どういうことなのか? 結論から言えば、裏切り者の目的はユニクロナスを勝たせることではなかった。「七英雄とユニクロナス、どちらも滅ぼすこと」それこそが裏切り者の目的。自身の意思か、それとも何者かの思惑によって成されたものかは分からない。先の戦いにおいて魔重騎士メガゾールにこちらの情報を流したのも、ユニクロナスを信用させるための工作に過ぎなかったのだ。今の裏切り者の巧みな行動に気付いたのも、またブラウひとりだけだったが、激しい激戦の最中ブラウはそのことを誰にも伝える術を持たなかった。
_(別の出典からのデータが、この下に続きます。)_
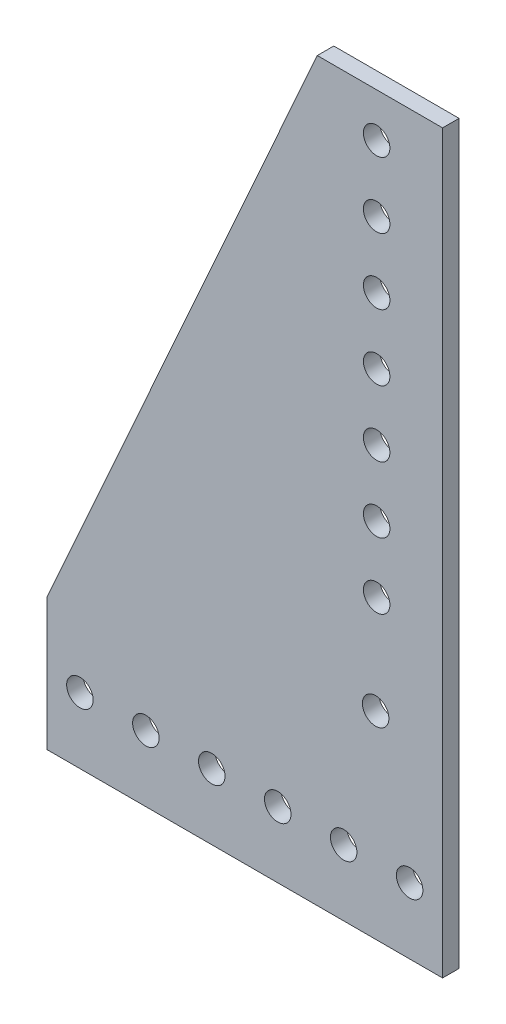
SolidWorks part; units mm, degrees
material "6061-T6 (SS)"
ref_plane "Front Plane" through (0, 0, 0) normal (0, 0, 1) x (1, 0, 0)
ref_plane "Top Plane" through (0, 0, 0) normal (0, 1, 0) x (1, 0, 0)
ref_plane "Right Plane" through (0, 0, 0) normal (1, 0, 0) x (0, 0, -1)
sketch "Sketch1" plane through (0, 0, 0) normal (0, 0, 1) x (1, 0, 0)
  line L1 (-128, 138.6667) -> (49.8, 138.6667)
  line L2 (-128, 138.6667) -> (-128, -115.3333)
  line L3 (-128, -115.3333) -> (49.8, -115.3333)
  line L4 (49.8, 138.6667) -> (49.8, -115.3333)
  dimension "D1" = 254
  dimension "D2" = 177.8
extrude "Boss-Extrude1" add sketch "Sketch1" along normal blind 3.175
sketch "Sketch2" plane through (0, 0, 3.175) normal (0, 0, 1) x (1, 0, 0)
  line L0 (-39.1, -115.3333) -> (-39.1, 138.6667) construction
  line L1 (-128, -115.3333) -> (49.8, -115.3333) construction
  line L2 (49.8, 138.6667) -> (-128, 138.6667) construction
  line L3 (-39.1, -108.9833) -> (-39.1, -96.2833) construction
  circle A0 centre (-39.1, -108.9833) radius 2.5527 construction
  circle A1 centre (-39.1, -96.2833) radius 2.5527 construction
  circle A2 centre (-39.1, -83.5833) radius 2.5527 construction
  circle A3 centre (-39.1, -70.8833) radius 2.5527 construction
  circle A4 centre (-39.1, -58.1833) radius 2.5527
  circle A5 centre (-39.1, -45.4833) radius 2.5527
  circle A6 centre (-39.1, -32.7833) radius 2.5527
  circle A7 centre (-39.1, -20.0833) radius 2.5527
  circle A8 centre (-39.1, -7.3833) radius 2.5527
  circle A9 centre (-39.1, 5.3167) radius 2.5527
  circle A10 centre (-39.1, 18.0167) radius 2.5527
  circle A11 centre (-39.1, 30.7167) radius 2.5527
  circle A12 centre (-39.2905, -77.2333) radius 2.5527
  dimension "D1" = 6.35
  dimension "D2" = 5.1054
  dimension "D5" = 5.1054
  dimension "D6" = 19.05
  dimension "D3" = 12.7
  dimension "D4" = 12
extrude "Cut-Extrude1" cut sketch "Sketch2" against normal through all
sketch "Sketch3" plane through (0, 0, 3.175) normal (0, 0, 1) x (1, 0, 0)
  line L0 (30.75, -102.6333) -> (-17.6342, -102.6333) construction
  line L1 (-128, -115.3333) -> (49.8, -115.3333) construction
  line L2 (49.8, -115.3333) -> (49.8, 138.6667) construction
  line L3 (30.75, -102.6333) -> (18.05, -102.6333) construction
  circle A0 centre (30.75, -102.6333) radius 2.5527
  circle A1 centre (18.05, -102.6333) radius 2.5527
  circle A2 centre (5.35, -102.6333) radius 2.5527
  circle A3 centre (-7.35, -102.6333) radius 2.5527
  circle A4 centre (-20.05, -102.6333) radius 2.5527
  circle A5 centre (-32.75, -102.6333) radius 2.5527
  circle A6 centre (-45.45, -102.6333) radius 2.5527
  circle A7 centre (-58.15, -102.6333) radius 2.5527
  circle A8 centre (-70.85, -102.6333) radius 2.5527
  circle A9 centre (-83.55, -102.6333) radius 2.5527
  circle A10 centre (-96.25, -102.6333) radius 2.5527
  circle A11 centre (-108.95, -102.6333) radius 2.5527
  dimension "D3" = 5.1054
  dimension "D1" = 12.7
  dimension "D2" = 19.05
  dimension "D4" = 12.7
extrude "Cut-Extrude2" cut sketch "Sketch3" against normal through all
sketch "Sketch4" plane through (0, 0, 3.175) normal (0, 0, 1) x (1, 0, 0)
  line L0 (-128, -115.3333) -> (-102.6, -115.3333)
  line L1 (-128, -115.3333) -> (49.8, -115.3333) construction
  line L2 (-102.6, -115.3333) -> (-102.6, -89.9333)
  line L3 (-102.6, -89.9333) -> (-50.53, 26.4641)
  line L4 (-50.53, 26.4641) -> (-26.4, 26.4641)
  line L5 (-26.4, 26.4641) -> (-26.4, -89.9333)
  line L6 (-26.4, -89.9333) -> (-26.4, -115.3333)
  line L7 (-26.4, -115.3333) -> (49.8, -115.3333)
  line L8 (49.8, -115.3333) -> (49.8, 138.6667)
  line L9 (49.8, 138.6667) -> (-128, 138.6667)
  line L10 (-128, 138.6667) -> (-128, -115.3333)
  dimension "D1" = 25.4
  dimension "D2" = 76.2
  dimension "D3" = 24.13
  dimension "D6" = 25.4
  dimension "D7" = 25.4
extrude "Cut-Extrude3" cut sketch "Sketch4" against normal through all

ブラウは激しく後悔した。やはり戦いの前に皆に伝え、はっきりさせておくべきだったのだ、裏切り者がいたことを。「真賢者」と呼ばれた自分が真実を覆い隠してしまった。そればかりか、最後の戦いが始まる前に自分は「我々の絆は永遠に不滅だ。誰ひとり欠けることなく、この戦いに勝利することが必ず出来る」などと、心にもないことを臆面もなく吐いてしまっていた。それが現実に目を背け、一時の快楽を得るだけの空しい偽りの言葉だと知っていながら。
結果、ロディマスは自分の命と引き替えに神聖分断を成し遂げ、ユニクロナスの煉獄への放逐に成功するも、他の七英雄も全員が死亡、裏切り者もその例外ではなかった。命を賭して己が使命を遂行したのは、裏切り者も同じだった。
煉獄へと放逐される瞬間、ユニクロナスは自分の七本の首に、人間が犯す七つの悪行を宿して、七人の英雄の魂を食らい、煉獄への道連れとした。真賢者ブラウの魂に食らいついた悪行は「虚偽」
真実を偽りの言葉で糊塗した自分には相応しい悪行だと、ブラウは思った。
「その口から漏れて良いのは真実だけ。偽りの言葉には死を。たとえそれが自らの与り知らぬことであったとしても」それがブラウの魂が地上に残した最後の思念だった。
七英雄の魂は、今も煉獄でユニクロナスの牙に囚われ続けている。だが、その偉業と後悔とは創世神プライオネルを通して、神聖遺物という形で後の地上界に伝わることとなる。
創世神プライオネルが七英雄の力に匹敵すると認めたもの、そのものは七英雄の継承者であり、それぞれの地上での最後の言葉を具現化した神聖遺物とともに、世界が必要としたときに地上に遣わされる。